The first clock 167 before inversion is supplied to clock input terminals CK of first and fifth D flip-flop circuits 1431 and 1435. The second clock 168 before inversion is supplied to clock input terminals CK of second and sixth D flip-flop circuits 1432 and 1436. The second clock 168 is further input to a ½ frequency divider circuit 175 to be frequency-divided by 2. An output 176 from the ½ frequency divider circuit 175 is supplied to an input terminal D of the first D flip-flop circuit 1431. The first to eighth D flip-flop circuits 1431 to 1438 are connected in series as in the case of the multi-phase clock generation circuit 141 in FIG. 14. The first to eighth clock signals 1491 to 1498 are respectively obtained from output terminals Q of the first to eighth D flip-flop circuits 1431 to 1438.
The multi-phase clock generation circuit 161 shown in FIG. 15 exemplifies the circuit arrangement for a case wherein the value n of the n/4-phase clock circuit 166 is “8” (8 phases). The following problems are posed in these conventional techniques.
One of the problems is that a single circuit cannot output multi-phase clocks with different frequency division numbers. This is because multi-phase clocks are generated by using a shift register. Assume that a shift register is used in the multi-phase clock generation circuit 141 shown in FIG. 14. In the case of n-phase clocks, clocks obtained by 1/n frequency division using a 1/n frequency divider circuit must be supplied to the shift register.
In the multi-phase clock generation circuit 161 shown in FIG. 15, in the case of n-phase clocks, an n/4-phase clock generation circuit and ½ frequency divider circuit are required. Therefore, a single circuit cannot output multi-phase clocks while arbitrarily switching frequency division numbers, e.g., 2, 4, and 8.

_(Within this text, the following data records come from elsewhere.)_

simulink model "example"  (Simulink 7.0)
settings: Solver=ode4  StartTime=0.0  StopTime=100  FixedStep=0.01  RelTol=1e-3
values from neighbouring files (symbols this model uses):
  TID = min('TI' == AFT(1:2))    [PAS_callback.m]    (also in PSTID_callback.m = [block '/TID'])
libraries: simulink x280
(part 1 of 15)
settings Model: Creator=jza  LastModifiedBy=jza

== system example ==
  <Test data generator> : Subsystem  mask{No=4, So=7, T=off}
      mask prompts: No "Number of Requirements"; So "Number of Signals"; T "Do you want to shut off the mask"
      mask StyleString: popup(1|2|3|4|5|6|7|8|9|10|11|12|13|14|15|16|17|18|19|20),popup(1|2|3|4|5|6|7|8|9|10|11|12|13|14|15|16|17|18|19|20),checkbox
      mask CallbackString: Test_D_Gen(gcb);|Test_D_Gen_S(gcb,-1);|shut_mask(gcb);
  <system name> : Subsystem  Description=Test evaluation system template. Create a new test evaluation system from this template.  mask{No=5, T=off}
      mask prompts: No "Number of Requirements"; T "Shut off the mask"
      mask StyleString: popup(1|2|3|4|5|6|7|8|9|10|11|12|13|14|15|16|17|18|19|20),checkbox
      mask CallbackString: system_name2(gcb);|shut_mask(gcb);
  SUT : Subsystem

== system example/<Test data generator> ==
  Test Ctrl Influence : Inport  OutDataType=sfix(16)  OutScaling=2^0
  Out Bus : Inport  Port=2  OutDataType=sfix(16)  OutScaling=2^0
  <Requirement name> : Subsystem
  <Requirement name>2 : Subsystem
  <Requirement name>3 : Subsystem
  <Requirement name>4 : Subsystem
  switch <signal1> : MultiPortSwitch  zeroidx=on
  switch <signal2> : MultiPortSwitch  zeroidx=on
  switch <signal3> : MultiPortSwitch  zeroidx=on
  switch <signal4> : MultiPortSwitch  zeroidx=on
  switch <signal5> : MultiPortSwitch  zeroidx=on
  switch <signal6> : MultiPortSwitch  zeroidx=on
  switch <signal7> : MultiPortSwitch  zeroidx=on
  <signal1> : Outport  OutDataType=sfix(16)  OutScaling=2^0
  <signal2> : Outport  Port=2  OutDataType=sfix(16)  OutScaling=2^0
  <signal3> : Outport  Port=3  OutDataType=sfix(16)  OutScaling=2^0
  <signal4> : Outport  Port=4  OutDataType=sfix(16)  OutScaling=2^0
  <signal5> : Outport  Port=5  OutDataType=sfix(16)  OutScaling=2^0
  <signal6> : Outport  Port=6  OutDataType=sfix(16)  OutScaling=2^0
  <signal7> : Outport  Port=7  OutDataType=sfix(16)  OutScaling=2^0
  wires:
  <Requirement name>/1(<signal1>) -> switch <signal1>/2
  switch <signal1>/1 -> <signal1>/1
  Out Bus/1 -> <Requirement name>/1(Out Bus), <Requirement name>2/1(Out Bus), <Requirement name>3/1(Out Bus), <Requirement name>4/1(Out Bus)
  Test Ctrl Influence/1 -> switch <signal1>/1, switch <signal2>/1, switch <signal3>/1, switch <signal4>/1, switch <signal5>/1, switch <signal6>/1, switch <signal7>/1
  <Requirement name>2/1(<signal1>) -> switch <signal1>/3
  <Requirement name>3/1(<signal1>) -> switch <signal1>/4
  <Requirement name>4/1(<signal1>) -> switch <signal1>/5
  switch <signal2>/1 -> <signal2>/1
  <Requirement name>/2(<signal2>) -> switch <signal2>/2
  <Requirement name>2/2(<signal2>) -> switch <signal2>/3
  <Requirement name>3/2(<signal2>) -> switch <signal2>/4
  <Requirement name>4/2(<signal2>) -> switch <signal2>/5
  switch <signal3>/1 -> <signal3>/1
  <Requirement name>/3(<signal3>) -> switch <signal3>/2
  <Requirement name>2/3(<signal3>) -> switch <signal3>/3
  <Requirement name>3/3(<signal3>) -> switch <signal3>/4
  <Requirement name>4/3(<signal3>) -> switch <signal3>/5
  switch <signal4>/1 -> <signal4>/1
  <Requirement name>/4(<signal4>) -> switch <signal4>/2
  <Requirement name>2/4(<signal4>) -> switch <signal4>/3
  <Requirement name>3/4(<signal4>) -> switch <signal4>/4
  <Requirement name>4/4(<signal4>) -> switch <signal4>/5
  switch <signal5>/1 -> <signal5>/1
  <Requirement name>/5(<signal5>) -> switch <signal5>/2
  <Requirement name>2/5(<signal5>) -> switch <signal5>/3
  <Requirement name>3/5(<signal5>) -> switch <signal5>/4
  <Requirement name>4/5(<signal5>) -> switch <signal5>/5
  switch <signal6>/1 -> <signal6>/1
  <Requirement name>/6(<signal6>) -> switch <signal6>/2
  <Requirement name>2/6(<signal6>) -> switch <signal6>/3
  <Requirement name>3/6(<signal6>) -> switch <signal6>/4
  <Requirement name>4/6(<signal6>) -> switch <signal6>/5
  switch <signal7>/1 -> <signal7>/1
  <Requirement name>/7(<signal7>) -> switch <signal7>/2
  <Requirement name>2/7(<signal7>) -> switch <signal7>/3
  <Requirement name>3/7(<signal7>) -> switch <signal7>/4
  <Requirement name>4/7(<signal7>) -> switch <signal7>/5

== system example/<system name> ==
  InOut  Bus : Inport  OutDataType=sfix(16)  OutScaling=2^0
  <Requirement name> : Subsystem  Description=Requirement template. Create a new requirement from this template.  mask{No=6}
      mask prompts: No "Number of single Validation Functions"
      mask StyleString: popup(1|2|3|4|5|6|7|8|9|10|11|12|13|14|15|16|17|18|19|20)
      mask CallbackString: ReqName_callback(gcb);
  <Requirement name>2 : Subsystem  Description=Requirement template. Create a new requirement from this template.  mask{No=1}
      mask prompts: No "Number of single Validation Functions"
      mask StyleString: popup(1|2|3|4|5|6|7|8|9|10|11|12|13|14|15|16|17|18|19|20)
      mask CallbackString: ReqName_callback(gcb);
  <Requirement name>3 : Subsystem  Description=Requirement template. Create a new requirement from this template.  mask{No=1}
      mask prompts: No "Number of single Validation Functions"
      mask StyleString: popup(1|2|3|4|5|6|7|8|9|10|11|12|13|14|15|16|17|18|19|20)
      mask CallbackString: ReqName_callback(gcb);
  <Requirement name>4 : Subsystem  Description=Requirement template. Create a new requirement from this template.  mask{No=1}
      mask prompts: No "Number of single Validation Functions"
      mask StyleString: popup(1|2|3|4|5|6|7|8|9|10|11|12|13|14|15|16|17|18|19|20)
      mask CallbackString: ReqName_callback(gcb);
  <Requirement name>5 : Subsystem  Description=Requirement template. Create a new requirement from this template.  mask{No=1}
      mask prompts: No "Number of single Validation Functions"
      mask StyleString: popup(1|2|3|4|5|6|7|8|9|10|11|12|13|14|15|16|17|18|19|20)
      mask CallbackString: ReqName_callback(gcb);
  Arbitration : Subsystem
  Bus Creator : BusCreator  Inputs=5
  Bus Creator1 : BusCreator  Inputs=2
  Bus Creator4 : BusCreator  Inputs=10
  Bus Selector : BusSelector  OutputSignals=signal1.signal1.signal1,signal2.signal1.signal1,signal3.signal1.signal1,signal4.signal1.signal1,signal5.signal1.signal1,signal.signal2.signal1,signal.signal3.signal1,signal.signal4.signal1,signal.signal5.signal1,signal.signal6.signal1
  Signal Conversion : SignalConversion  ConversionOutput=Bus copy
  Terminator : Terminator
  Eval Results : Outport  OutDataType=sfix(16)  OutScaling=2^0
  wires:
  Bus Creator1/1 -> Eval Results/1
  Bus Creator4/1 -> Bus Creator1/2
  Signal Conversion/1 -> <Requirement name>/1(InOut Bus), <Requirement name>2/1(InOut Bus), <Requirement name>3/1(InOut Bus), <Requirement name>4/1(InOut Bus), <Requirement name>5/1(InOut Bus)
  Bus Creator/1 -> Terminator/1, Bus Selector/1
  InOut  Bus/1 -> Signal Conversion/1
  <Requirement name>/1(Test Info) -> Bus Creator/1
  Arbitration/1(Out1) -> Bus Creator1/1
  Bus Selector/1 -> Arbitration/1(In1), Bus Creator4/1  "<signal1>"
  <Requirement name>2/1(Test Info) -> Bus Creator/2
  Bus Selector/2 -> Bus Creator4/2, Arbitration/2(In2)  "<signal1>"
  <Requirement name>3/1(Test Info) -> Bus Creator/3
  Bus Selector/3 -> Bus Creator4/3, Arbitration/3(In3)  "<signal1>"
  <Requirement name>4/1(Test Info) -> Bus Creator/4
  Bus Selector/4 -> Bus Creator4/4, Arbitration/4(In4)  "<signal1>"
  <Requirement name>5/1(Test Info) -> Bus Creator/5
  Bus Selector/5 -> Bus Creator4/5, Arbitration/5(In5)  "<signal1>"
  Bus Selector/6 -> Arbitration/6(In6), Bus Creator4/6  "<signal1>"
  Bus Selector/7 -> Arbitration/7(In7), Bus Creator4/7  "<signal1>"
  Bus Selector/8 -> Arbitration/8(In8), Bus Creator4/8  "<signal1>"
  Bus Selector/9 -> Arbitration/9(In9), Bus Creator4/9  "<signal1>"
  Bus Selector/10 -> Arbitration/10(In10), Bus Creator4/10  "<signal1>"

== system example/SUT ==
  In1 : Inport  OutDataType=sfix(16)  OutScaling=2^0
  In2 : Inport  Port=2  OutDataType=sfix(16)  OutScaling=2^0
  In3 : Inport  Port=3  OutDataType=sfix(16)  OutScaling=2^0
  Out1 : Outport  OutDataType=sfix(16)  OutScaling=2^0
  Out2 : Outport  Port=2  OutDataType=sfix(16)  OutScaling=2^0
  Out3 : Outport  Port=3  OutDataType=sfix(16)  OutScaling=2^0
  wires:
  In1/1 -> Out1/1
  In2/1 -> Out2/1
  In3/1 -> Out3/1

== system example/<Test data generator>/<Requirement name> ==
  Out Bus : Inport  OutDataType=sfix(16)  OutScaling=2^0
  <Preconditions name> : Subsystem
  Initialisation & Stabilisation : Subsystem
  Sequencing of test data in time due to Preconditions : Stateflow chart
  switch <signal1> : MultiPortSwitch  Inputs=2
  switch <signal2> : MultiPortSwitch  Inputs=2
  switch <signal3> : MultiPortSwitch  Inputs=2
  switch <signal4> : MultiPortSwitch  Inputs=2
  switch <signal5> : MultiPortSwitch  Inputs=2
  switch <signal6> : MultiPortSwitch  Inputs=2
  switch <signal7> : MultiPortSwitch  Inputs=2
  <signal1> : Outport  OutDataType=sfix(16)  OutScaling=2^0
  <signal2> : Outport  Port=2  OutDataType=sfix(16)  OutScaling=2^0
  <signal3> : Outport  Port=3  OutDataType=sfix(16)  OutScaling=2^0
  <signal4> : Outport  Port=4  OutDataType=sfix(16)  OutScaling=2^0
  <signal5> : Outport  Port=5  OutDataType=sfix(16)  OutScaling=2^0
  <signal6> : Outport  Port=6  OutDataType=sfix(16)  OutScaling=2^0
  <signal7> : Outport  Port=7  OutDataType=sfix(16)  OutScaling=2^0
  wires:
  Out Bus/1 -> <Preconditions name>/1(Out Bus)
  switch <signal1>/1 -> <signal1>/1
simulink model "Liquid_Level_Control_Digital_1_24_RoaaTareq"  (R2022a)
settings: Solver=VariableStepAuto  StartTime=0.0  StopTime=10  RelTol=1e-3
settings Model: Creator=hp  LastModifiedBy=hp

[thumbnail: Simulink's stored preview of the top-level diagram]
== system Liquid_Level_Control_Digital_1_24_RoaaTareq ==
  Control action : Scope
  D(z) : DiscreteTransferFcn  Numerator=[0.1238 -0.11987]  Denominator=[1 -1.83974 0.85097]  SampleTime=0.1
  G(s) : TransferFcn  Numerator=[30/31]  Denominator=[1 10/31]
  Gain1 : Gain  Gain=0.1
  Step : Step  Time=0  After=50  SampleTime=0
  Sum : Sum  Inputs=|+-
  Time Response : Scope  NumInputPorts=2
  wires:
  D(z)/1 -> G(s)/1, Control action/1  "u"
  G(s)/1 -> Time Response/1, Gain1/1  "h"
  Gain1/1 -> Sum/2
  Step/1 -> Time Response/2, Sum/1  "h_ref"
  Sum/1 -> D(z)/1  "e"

FIG. 16 shows a multi-phase clock generation circuit designed on the basis of the proposal shown in FIG. 15 to generate multi-phase clocks while switching the frequency division numbers 2, 4, and 8.
In a multi-phase clock generation circuit 181, a reference clock generation circuit 162 represented by a PLL circuit in the multi-phase clock generation circuit 161 shown in FIG. 15 is prepared, and reference clock signals output from the circuit 162 are input to a ½ frequency divider circuit portion 182, ¼ frequency divider circuit portion 183, and ⅛ frequency divider circuit portion 184 on the subsequent stage.
The ½ frequency divider circuit portion 182 includes a ½ frequency divider circuit 1802A, a 2-times multiplier circuit 1802B, and the remaining circuit shown in FIG. 15 or a corresponding circuit. The ¼ frequency divider circuit portion 183 includes a ¼ frequency divider circuit 1804A, a 2-times multiplier circuit 1804B, and the remaining circuit shown in FIG. 15 or a corresponding circuit. The ⅛ frequency divider circuit portion 184 includes a ⅛ frequency divider circuit 1808A, a 2-times multiplier circuit 1808B, and the remaining circuit shown in FIG. 15 or a corresponding circuit.
The ½ frequency divider circuit portion 182, ¼ frequency divider circuit portion 183, and ⅛ frequency divider circuit portion 184 respectively output a ½ frequency-divided multi-phase clock signal 185, ¼ frequency-divided multi-phase clock signal 186, and ⅛ frequency-divided multi-phase clock signal 187 to a selector 188. A phase count selection signal 189 is supplied to the selector 188. The selector 188 then selects and outputs a multi-phase clock signal 190 corresponding to a desired frequency division number.
As described above, in order to select one of multi-phase clocks with different frequency division numbers in the multi-phase clock generation circuit 161 shown in FIG. 15, for example, the circuit arrangement shown in FIG. 16 is required, resulting in an increase in circuit size.